If I see an ad about (insert product name) in my (insert Google product)
stream, it is something that only I can see. If you see a picture of me
(perhaps uploaded by a "friend" to a site like instagram) used to advertised
products to you, then my privacy has been severely breached.

------
wtvanhest
It seems that the vast majority users are 100% OK with giving up some level of
privacy for free service. I consider myself fully within that group and do not
mind targeted ads for example.

I believe where users draw the line is when a service uses their content to
distribute to others for a fee. Using images, essentially intellectual
property, is not OK with me. Nor am I a fan of Facebook using my name in
sponsored likes. The later bothers me less, but it still annoys me that it is
happening. Part of this is the fact that when you first logged on to facebook,
you viewed it as a way to share in a fairly private network with your friends.
Now your habits must change to protect yourself, but you have no alternative
(yet).

I don’t have an answer to the problem with how free networks should grow, but
personally, I am opposed to any use of my content as a distribution or free
use of images. Now I feel that I have to protect myself by not posting photos
to facebook in case they one day change their policy.

------
rmc
_Just as we have a "do not track" option for our webbrowsing habits, we're
going to need to have something similar for other aspects of our increasingly-
digital lives:_

Sounds like the EU's Data Protection law. Making it illegal to store personal
information about people unless they have opted in, etc.

------
mistercow
[Obligatory IANAL Warning yada yada]

The question of whether they can use someone's likeness is an interesting one,
and the answer to that apparently varies from state to state. Instagram could
probably get you to sign away the right to use your own likeness in their ads,
but that wouldn't apply to people who don't use their service.

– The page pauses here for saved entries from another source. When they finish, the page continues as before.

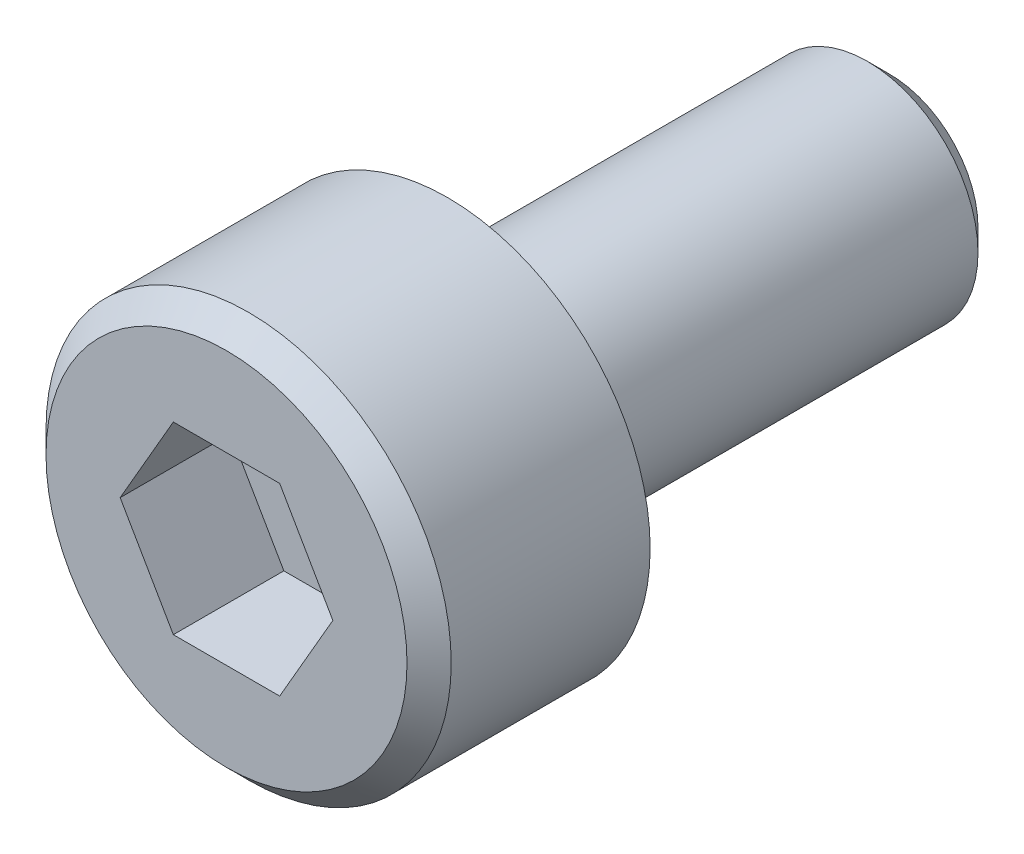
ISO-10303-21;
HEADER;
FILE_DESCRIPTION(('STEP AP214'),'2;1');
FILE_NAME('part.step','',(''),(''),'','','');
FILE_SCHEMA(('AUTOMOTIVE_DESIGN { 1 0 10303 214 1 1 1 1 }'));
ENDSEC;
DATA;
#1=APPLICATION_CONTEXT('core data for automotive mechanical design processes');
#2=APPLICATION_PROTOCOL_DEFINITION('international standard','automotive_design',2000,#1);
#3=PRODUCT_CONTEXT('',#1,'mechanical');
#4=PRODUCT('Part','Part','',(#3));
#5=PRODUCT_RELATED_PRODUCT_CATEGORY('part','',(#4));
#6=PRODUCT_DEFINITION_FORMATION('','',#4);
#7=PRODUCT_DEFINITION_CONTEXT('part definition',#1,'design');
#8=PRODUCT_DEFINITION('design','',#6,#7);
#9=PRODUCT_DEFINITION_SHAPE('','',#8);
#10=(LENGTH_UNIT() NAMED_UNIT(*) SI_UNIT(.MILLI.,.METRE.));
#11=(NAMED_UNIT(*) PLANE_ANGLE_UNIT() SI_UNIT($,.RADIAN.));
#12=(NAMED_UNIT(*) SI_UNIT($,.STERADIAN.) SOLID_ANGLE_UNIT());
#13=UNCERTAINTY_MEASURE_WITH_UNIT(LENGTH_MEASURE(1.E-05),#10,'distance_accuracy_value','');
#14=(GEOMETRIC_REPRESENTATION_CONTEXT(3) GLOBAL_UNCERTAINTY_ASSIGNED_CONTEXT((#13)) GLOBAL_UNIT_ASSIGNED_CONTEXT((#10,
#11,#12)) REPRESENTATION_CONTEXT('',''));
#15=CARTESIAN_POINT('',(0.,0.,0.));
#16=DIRECTION('',(0.,0.,1.));
#17=DIRECTION('',(1.,0.,0.));
#18=AXIS2_PLACEMENT_3D('',#15,#16,#17);
#19=CARTESIAN_POINT('',(0.,0.,-6.));
#20=DIRECTION('',(0.,0.,1.));
#21=DIRECTION('',(1.,0.,0.));
#22=AXIS2_PLACEMENT_3D('',#19,#20,#21);
#23=PLANE('',#22);
#24=CARTESIAN_POINT('',(0.,0.,-6.));
#25=DIRECTION('',(0.,0.,1.));
#26=DIRECTION('',(1.,0.,0.));
#27=AXIS2_PLACEMENT_3D('',#24,#25,#26);
#28=CIRCLE('',#27,1.2);
#29=CARTESIAN_POINT('',(1.2,0.,-6.));
#30=VERTEX_POINT('',#29);
#31=EDGE_CURVE('E11',#30,#30,#28,.T.);
#32=ORIENTED_EDGE('',*,*,#31,.F.);
#33=EDGE_LOOP('',(#32));
#34=FACE_BOUND('',#33,.T.);
#35=ADVANCED_FACE('F16',(#34),#23,.F.);
#36=CARTESIAN_POINT('',(0.,0.,1.5));
#37=DIRECTION('',(0.,0.,1.));
#38=DIRECTION('',(1.,0.,0.));
#39=AXIS2_PLACEMENT_3D('',#36,#37,#38);
#40=PLANE('',#39);
#41=DIRECTION('',(-0.50000000000019,0.866025403784329,0.));
#42=VECTOR('',#41,1.);
#43=CARTESIAN_POINT('',(1.443375679281,0.,1.5));
#44=LINE('',#43,#42);
#45=CARTESIAN_POINT('',(1.443375679281,0.,1.5));
#46=VERTEX_POINT('',#45);
#47=CARTESIAN_POINT('',(0.721687839641,1.250000005462,1.5));
#48=VERTEX_POINT('',#47);
#49=EDGE_CURVE('E25',#46,#48,#44,.T.);
#50=ORIENTED_EDGE('',*,*,#49,.T.);
#51=DIRECTION('',(-1.,0.,0.));
#52=VECTOR('',#51,1.);
#53=CARTESIAN_POINT('',(0.721687839641,1.250000005462,1.5));
#54=LINE('',#53,#52);
#55=CARTESIAN_POINT('',(-0.721687839641,1.250000005462,1.5));
#56=VERTEX_POINT('',#55);
#57=EDGE_CURVE('E110',#48,#56,#54,.T.);
#58=ORIENTED_EDGE('',*,*,#57,.T.);
#59=DIRECTION('',(-0.50000000000019,-0.866025403784329,0.));
#60=VECTOR('',#59,1.);
#61=CARTESIAN_POINT('',(-0.721687839641,1.250000005462,1.5));
#62=LINE('',#61,#60);
#63=CARTESIAN_POINT('',(-1.443375679281,0.,1.5));
#64=VERTEX_POINT('',#63);
#65=EDGE_CURVE('E100',#56,#64,#62,.T.);
#66=ORIENTED_EDGE('',*,*,#65,.T.);
#67=DIRECTION('',(0.50000000000019,-0.866025403784329,0.));
#68=VECTOR('',#67,1.);
#69=CARTESIAN_POINT('',(-1.443375679281,0.,1.5));
#70=LINE('',#69,#68);
#71=CARTESIAN_POINT('',(-0.721687839641,-1.250000005462,1.5));
#72=VERTEX_POINT('',#71);
#73=EDGE_CURVE('E85',#64,#72,#70,.T.);
#74=ORIENTED_EDGE('',*,*,#73,.T.);
#75=DIRECTION('',(1.,0.,0.));
#76=VECTOR('',#75,1.);
#77=CARTESIAN_POINT('',(-0.721687839641,-1.250000005462,1.5));
#78=LINE('',#77,#76);
#79=CARTESIAN_POINT('',(0.721687839641,-1.250000005462,1.5));
#80=VERTEX_POINT('',#79);
#81=EDGE_CURVE('E118',#72,#80,#78,.T.);
#82=ORIENTED_EDGE('',*,*,#81,.T.);
#83=DIRECTION('',(0.50000000000019,0.866025403784329,0.));
#84=VECTOR('',#83,1.);
#85=CARTESIAN_POINT('',(0.721687839641,-1.250000005462,1.5));
#86=LINE('',#85,#84);
#87=EDGE_CURVE('E48',#80,#46,#86,.T.);
#88=ORIENTED_EDGE('',*,*,#87,.T.);
#89=EDGE_LOOP('',(#50,#58,#66,#74,#82,#88));
#90=FACE_BOUND('',#89,.T.);
#91=ADVANCED_FACE('F104',(#90),#40,.T.);
#92=CARTESIAN_POINT('',(0.,0.,-5.7));
#93=DIRECTION('',(0.,0.,1.));
#94=DIRECTION('',(1.,0.,0.));
#95=AXIS2_PLACEMENT_3D('',#92,#93,#94);
#96=CONICAL_SURFACE('',#95,1.5,0.785398163397);
#97=ORIENTED_EDGE('',*,*,#31,.T.);
#98=EDGE_LOOP('',(#97));
#99=FACE_BOUND('',#98,.T.);
#100=CARTESIAN_POINT('',(0.,0.,-5.7));
#101=DIRECTION('',(0.,0.,1.));
#102=DIRECTION('',(1.,0.,0.));
#103=AXIS2_PLACEMENT_3D('',#100,#101,#102);
#104=CIRCLE('',#103,1.5);
#105=CARTESIAN_POINT('',(1.5,0.,-5.7));
#106=VERTEX_POINT('',#105);
#107=EDGE_CURVE('E173',#106,#106,#104,.T.);
#108=ORIENTED_EDGE('',*,*,#107,.F.);
#109=EDGE_LOOP('',(#108));
#110=FACE_BOUND('',#109,.T.);
#111=ADVANCED_FACE('F18',(#99,#110),#96,.T.);
#112=CARTESIAN_POINT('',(1.443375679281,0.,1.5));
#113=DIRECTION('',(-0.866025403784329,-0.50000000000019,0.));
#114=DIRECTION('',(-0.50000000000019,0.866025403784329,0.));
#115=AXIS2_PLACEMENT_3D('',#112,#113,#114);
#116=PLANE('',#115);
#117=ORIENTED_EDGE('',*,*,#49,.F.);
#118=DIRECTION('',(0.,0.,1.));
#119=VECTOR('',#118,1.);
#120=CARTESIAN_POINT('',(1.443375679281,0.,1.5));
#121=LINE('',#120,#119);
#122=CARTESIAN_POINT('',(1.443375679281,0.,3.));
#123=VERTEX_POINT('',#122);
#124=EDGE_CURVE('E130',#46,#123,#121,.T.);
#125=ORIENTED_EDGE('',*,*,#124,.T.);
#126=DIRECTION('',(0.50000000000019,-0.866025403784329,0.));
#127=VECTOR('',#126,1.);
#128=CARTESIAN_POINT('',(1.262953719371,0.312500001366,3.));
#129=LINE('',#128,#127);
#130=CARTESIAN_POINT('',(0.721687839641,1.250000005462,3.));
#131=VERTEX_POINT('',#130);
#132=EDGE_CURVE('E141',#131,#123,#129,.T.);
#133=ORIENTED_EDGE('',*,*,#132,.F.);
#134=DIRECTION('',(0.,0.,1.));
#135=VECTOR('',#134,1.);
#136=CARTESIAN_POINT('',(0.721687839641,1.250000005462,1.5));
#137=LINE('',#136,#135);
#138=EDGE_CURVE('E114',#48,#131,#137,.T.);
#139=ORIENTED_EDGE('',*,*,#138,.F.);
#140=EDGE_LOOP('',(#117,#125,#133,#139));
#141=FACE_BOUND('',#140,.T.);
#142=ADVANCED_FACE('F196',(#141),#116,.T.);
#143=CARTESIAN_POINT('',(0.721687839641,-1.250000005462,1.5));
#144=DIRECTION('',(-0.866025403784329,0.50000000000019,0.));
#145=DIRECTION('',(0.,0.,1.));
#146=AXIS2_PLACEMENT_3D('',#143,#144,#145);
#147=PLANE('',#146);
#148=ORIENTED_EDGE('',*,*,#87,.F.);
#149=DIRECTION('',(0.,0.,1.));
#150=VECTOR('',#149,1.);
#151=CARTESIAN_POINT('',(0.721687839641,-1.250000005462,1.5));
#152=LINE('',#151,#150);
#153=CARTESIAN_POINT('',(0.721687839641,-1.250000005462,3.));
#154=VERTEX_POINT('',#153);
#155=EDGE_CURVE('E121',#80,#154,#152,.T.);
#156=ORIENTED_EDGE('',*,*,#155,.T.);
#157=DIRECTION('',(-0.50000000000019,-0.866025403784329,0.));
#158=VECTOR('',#157,1.);
#159=CARTESIAN_POINT('',(0.902109799551,-0.937500004097,3.));
#160=LINE('',#159,#158);
#161=EDGE_CURVE('E150',#123,#154,#160,.T.);
#162=ORIENTED_EDGE('',*,*,#161,.F.);
#163=ORIENTED_EDGE('',*,*,#124,.F.);
#164=EDGE_LOOP('',(#148,#156,#162,#163));
#165=FACE_BOUND('',#164,.T.);
#166=ADVANCED_FACE('F202',(#165),#147,.T.);
#167=CARTESIAN_POINT('',(-0.721687839641,-1.250000005462,1.5));
#168=DIRECTION('',(0.,1.,0.));
#169=DIRECTION('',(1.,0.,0.));
#170=AXIS2_PLACEMENT_3D('',#167,#168,#169);
#171=PLANE('',#170);
#172=ORIENTED_EDGE('',*,*,#81,.F.);
#173=DIRECTION('',(0.,0.,1.));
#174=VECTOR('',#173,1.);
#175=CARTESIAN_POINT('',(-0.721687839641,-1.250000005462,1.5));
#176=LINE('',#175,#174);
#177=CARTESIAN_POINT('',(-0.721687839641,-1.250000005462,3.));
#178=VERTEX_POINT('',#177);
#179=EDGE_CURVE('E86',#72,#178,#176,.T.);
#180=ORIENTED_EDGE('',*,*,#179,.T.);
#181=DIRECTION('',(-1.,0.,0.));
#182=VECTOR('',#181,1.);
#183=CARTESIAN_POINT('',(-0.36084391982,-1.250000005462,3.));
#184=LINE('',#183,#182);
#185=EDGE_CURVE('E139',#154,#178,#184,.T.);
#186=ORIENTED_EDGE('',*,*,#185,.F.);
#187=ORIENTED_EDGE('',*,*,#155,.F.);
#188=EDGE_LOOP('',(#172,#180,#186,#187));
#189=FACE_BOUND('',#188,.T.);
#190=ADVANCED_FACE('F216',(#189),#171,.T.);
#191=CARTESIAN_POINT('',(-1.443375679281,0.,1.5));
#192=DIRECTION('',(0.866025403784329,0.50000000000019,0.));
#193=DIRECTION('',(0.,0.,-1.));
#194=AXIS2_PLACEMENT_3D('',#191,#192,#193);
#195=PLANE('',#194);
#196=ORIENTED_EDGE('',*,*,#73,.F.);
#197=DIRECTION('',(0.,0.,1.));
#198=VECTOR('',#197,1.);
#199=CARTESIAN_POINT('',(-1.443375679281,0.,1.5));
#200=LINE('',#199,#198);
#201=CARTESIAN_POINT('',(-1.443375679281,0.,3.));
#202=VERTEX_POINT('',#201);
#203=EDGE_CURVE('E88',#64,#202,#200,.T.);
#204=ORIENTED_EDGE('',*,*,#203,.T.);
#205=DIRECTION('',(-0.50000000000019,0.866025403784329,0.));
#206=VECTOR('',#205,1.);
#207=CARTESIAN_POINT('',(-1.262953719371,-0.312500001366,3.));
#208=LINE('',#207,#206);
#209=EDGE_CURVE('E166',#178,#202,#208,.T.);
#210=ORIENTED_EDGE('',*,*,#209,.F.);
#211=ORIENTED_EDGE('',*,*,#179,.F.);
#212=EDGE_LOOP('',(#196,#204,#210,#211));
#213=FACE_BOUND('',#212,.T.);
#214=ADVANCED_FACE('F81',(#213),#195,.T.);
#215=CARTESIAN_POINT('',(-0.721687839641,1.250000005462,1.5));
#216=DIRECTION('',(0.866025403784329,-0.50000000000019,0.));
#217=DIRECTION('',(0.,0.,-1.));
#218=AXIS2_PLACEMENT_3D('',#215,#216,#217);
#219=PLANE('',#218);
#220=ORIENTED_EDGE('',*,*,#65,.F.);
#221=DIRECTION('',(0.,0.,1.));
#222=VECTOR('',#221,1.);
#223=CARTESIAN_POINT('',(-0.721687839641,1.250000005462,1.5));
#224=LINE('',#223,#222);
#225=CARTESIAN_POINT('',(-0.721687839641,1.250000005462,3.));
#226=VERTEX_POINT('',#225);
#227=EDGE_CURVE('E108',#56,#226,#224,.T.);
#228=ORIENTED_EDGE('',*,*,#227,.T.);
#229=DIRECTION('',(0.50000000000019,0.866025403784329,0.));
#230=VECTOR('',#229,1.);
#231=CARTESIAN_POINT('',(-0.902109799551,0.937500004097,3.));
#232=LINE('',#231,#230);
#233=EDGE_CURVE('E99',#202,#226,#232,.T.);
#234=ORIENTED_EDGE('',*,*,#233,.F.);
#235=ORIENTED_EDGE('',*,*,#203,.F.);
#236=EDGE_LOOP('',(#220,#228,#234,#235));
#237=FACE_BOUND('',#236,.T.);
#238=ADVANCED_FACE('F92',(#237),#219,.T.);
#239=CARTESIAN_POINT('',(0.721687839641,1.250000005462,1.5));
#240=DIRECTION('',(0.,-1.,0.));
#241=DIRECTION('',(0.,0.,-1.));
#242=AXIS2_PLACEMENT_3D('',#239,#240,#241);
#243=PLANE('',#242);
#244=ORIENTED_EDGE('',*,*,#57,.F.);
#245=ORIENTED_EDGE('',*,*,#138,.T.);
#246=DIRECTION('',(1.,0.,0.));
#247=VECTOR('',#246,1.);
#248=CARTESIAN_POINT('',(0.36084391982,1.250000005462,3.));
#249=LINE('',#248,#247);
#250=EDGE_CURVE('E146',#226,#131,#249,.T.);
#251=ORIENTED_EDGE('',*,*,#250,.F.);
#252=ORIENTED_EDGE('',*,*,#227,.F.);
#253=EDGE_LOOP('',(#244,#245,#251,#252));
#254=FACE_BOUND('',#253,.T.);
#255=ADVANCED_FACE('F232',(#254),#243,.T.);
#256=CARTESIAN_POINT('',(0.,0.,-6.));
#257=DIRECTION('',(0.,0.,-1.));
#258=DIRECTION('',(1.,0.,0.));
#259=AXIS2_PLACEMENT_3D('',#256,#257,#258);
#260=CYLINDRICAL_SURFACE('',#259,1.5);
#261=CARTESIAN_POINT('',(0.,0.,0.));
#262=DIRECTION('',(0.,0.,1.));
#263=DIRECTION('',(1.,0.,0.));
#264=AXIS2_PLACEMENT_3D('',#261,#262,#263);
#265=CIRCLE('',#264,1.5);
#266=CARTESIAN_POINT('',(1.5,0.,0.));
#267=VERTEX_POINT('',#266);
#268=EDGE_CURVE('E157',#267,#267,#265,.T.);
#269=ORIENTED_EDGE('',*,*,#268,.F.);
#270=EDGE_LOOP('',(#269));
#271=FACE_BOUND('',#270,.T.);
#272=ORIENTED_EDGE('',*,*,#107,.T.);
#273=EDGE_LOOP('',(#272));
#274=FACE_BOUND('',#273,.T.);
#275=ADVANCED_FACE('F193',(#271,#274),#260,.T.);
#276=CARTESIAN_POINT('',(0.,0.,3.));
#277=DIRECTION('',(0.,0.,1.));
#278=DIRECTION('',(1.,0.,0.));
#279=AXIS2_PLACEMENT_3D('',#276,#277,#278);
#280=PLANE('',#279);
#281=ORIENTED_EDGE('',*,*,#250,.T.);
#282=ORIENTED_EDGE('',*,*,#132,.T.);
#283=ORIENTED_EDGE('',*,*,#161,.T.);
#284=ORIENTED_EDGE('',*,*,#185,.T.);
#285=ORIENTED_EDGE('',*,*,#209,.T.);
#286=ORIENTED_EDGE('',*,*,#233,.T.);
#287=EDGE_LOOP('',(#281,#282,#283,#284,#285,#286));
#288=FACE_BOUND('',#287,.T.);
#289=CARTESIAN_POINT('',(0.,0.,3.));
#290=DIRECTION('',(0.,0.,1.));
#291=DIRECTION('',(1.,0.,0.));
#292=AXIS2_PLACEMENT_3D('',#289,#290,#291);
#293=CIRCLE('',#292,2.45);
#294=CARTESIAN_POINT('',(2.45,0.,3.));
#295=VERTEX_POINT('',#294);
#296=EDGE_CURVE('E155',#295,#295,#293,.T.);
#297=ORIENTED_EDGE('',*,*,#296,.T.);
#298=EDGE_LOOP('',(#297));
#299=FACE_BOUND('',#298,.T.);
#300=ADVANCED_FACE('F227',(#288,#299),#280,.T.);
#301=CARTESIAN_POINT('',(0.,0.,0.));
#302=DIRECTION('',(0.,0.,1.));
#303=DIRECTION('',(1.,0.,0.));
#304=AXIS2_PLACEMENT_3D('',#301,#302,#303);
#305=PLANE('',#304);
#306=ORIENTED_EDGE('',*,*,#268,.T.);
#307=EDGE_LOOP('',(#306));
#308=FACE_BOUND('',#307,.T.);
#309=CARTESIAN_POINT('',(0.,0.,0.));
#310=DIRECTION('',(0.,0.,1.));
#311=DIRECTION('',(1.,0.,0.));
#312=AXIS2_PLACEMENT_3D('',#309,#310,#311);
#313=CIRCLE('',#312,2.75);
#314=CARTESIAN_POINT('',(2.75,0.,0.));
#315=VERTEX_POINT('',#314);
#316=EDGE_CURVE('E136',#315,#315,#313,.T.);
#317=ORIENTED_EDGE('',*,*,#316,.F.);
#318=EDGE_LOOP('',(#317));
#319=FACE_BOUND('',#318,.T.);
#320=ADVANCED_FACE('F250',(#308,#319),#305,.F.);
#321=CARTESIAN_POINT('',(0.,0.,2.7));
#322=DIRECTION('',(0.,0.,-1.));
#323=DIRECTION('',(1.,0.,0.));
#324=AXIS2_PLACEMENT_3D('',#321,#322,#323);
#325=CONICAL_SURFACE('',#324,2.75,0.785398163397);
#326=ORIENTED_EDGE('',*,*,#296,.F.);
#327=EDGE_LOOP('',(#326));
#328=FACE_BOUND('',#327,.T.);
#329=CARTESIAN_POINT('',(0.,0.,2.7));
#330=DIRECTION('',(0.,0.,1.));
#331=DIRECTION('',(1.,0.,0.));
#332=AXIS2_PLACEMENT_3D('',#329,#330,#331);
#333=CIRCLE('',#332,2.75);
#334=CARTESIAN_POINT('',(2.75,0.,2.7));
#335=VERTEX_POINT('',#334);
#336=EDGE_CURVE('E142',#335,#335,#333,.T.);
#337=ORIENTED_EDGE('',*,*,#336,.T.);
#338=EDGE_LOOP('',(#337));
#339=FACE_BOUND('',#338,.T.);
#340=ADVANCED_FACE('F246',(#328,#339),#325,.T.);
#341=CARTESIAN_POINT('',(0.,0.,0.));
#342=DIRECTION('',(0.,0.,-1.));
#343=DIRECTION('',(1.,0.,0.));
#344=AXIS2_PLACEMENT_3D('',#341,#342,#343);
#345=CYLINDRICAL_SURFACE('',#344,2.75);
#346=ORIENTED_EDGE('',*,*,#336,.F.);
#347=EDGE_LOOP('',(#346));
#348=FACE_BOUND('',#347,.T.);
#349=ORIENTED_EDGE('',*,*,#316,.T.);
#350=EDGE_LOOP('',(#349));
#351=FACE_BOUND('',#350,.T.);
#352=ADVANCED_FACE('F255',(#348,#351),#345,.T.);
#353=CLOSED_SHELL('',(#35,#91,#111,#142,#166,#190,#214,#238,#255,#275,#300,#320,#340,#352));
#354=MANIFOLD_SOLID_BREP('B1',#353);
#355=ADVANCED_BREP_SHAPE_REPRESENTATION('',(#18,#354),#14);
#356=SHAPE_DEFINITION_REPRESENTATION(#9,#355);
ENDSEC;
END-ISO-10303-21;

I'm not sure how jurisdictions of other states apply (any actual lawyers want
to weigh in?) but Instagram is based in California where (if you can believe
it), publicity rights are quite strong (even dead celebrities get protection
there). There's a little gray area that Instagram could exploit there, but I
think the example Wheaton described there would be a pretty easy meal for
Rauch's lawyers. At the very least, Instagram's legal team would almost
certainly say "fuck no" if the marketing department showed them an ad like
that without getting permission to use her likeness.

------
ianstallings
This is dubious at best. He doesn't use it, he's not a lawyer, and his grasp
on what they are doing is plain wrong. I'm not saying that privacy concerns
are moot. I'm saying Wil Wheaton is your typical self-proclaimed geek these
days. He shoots from the hip at anything that might trounce his sense of
entitlement.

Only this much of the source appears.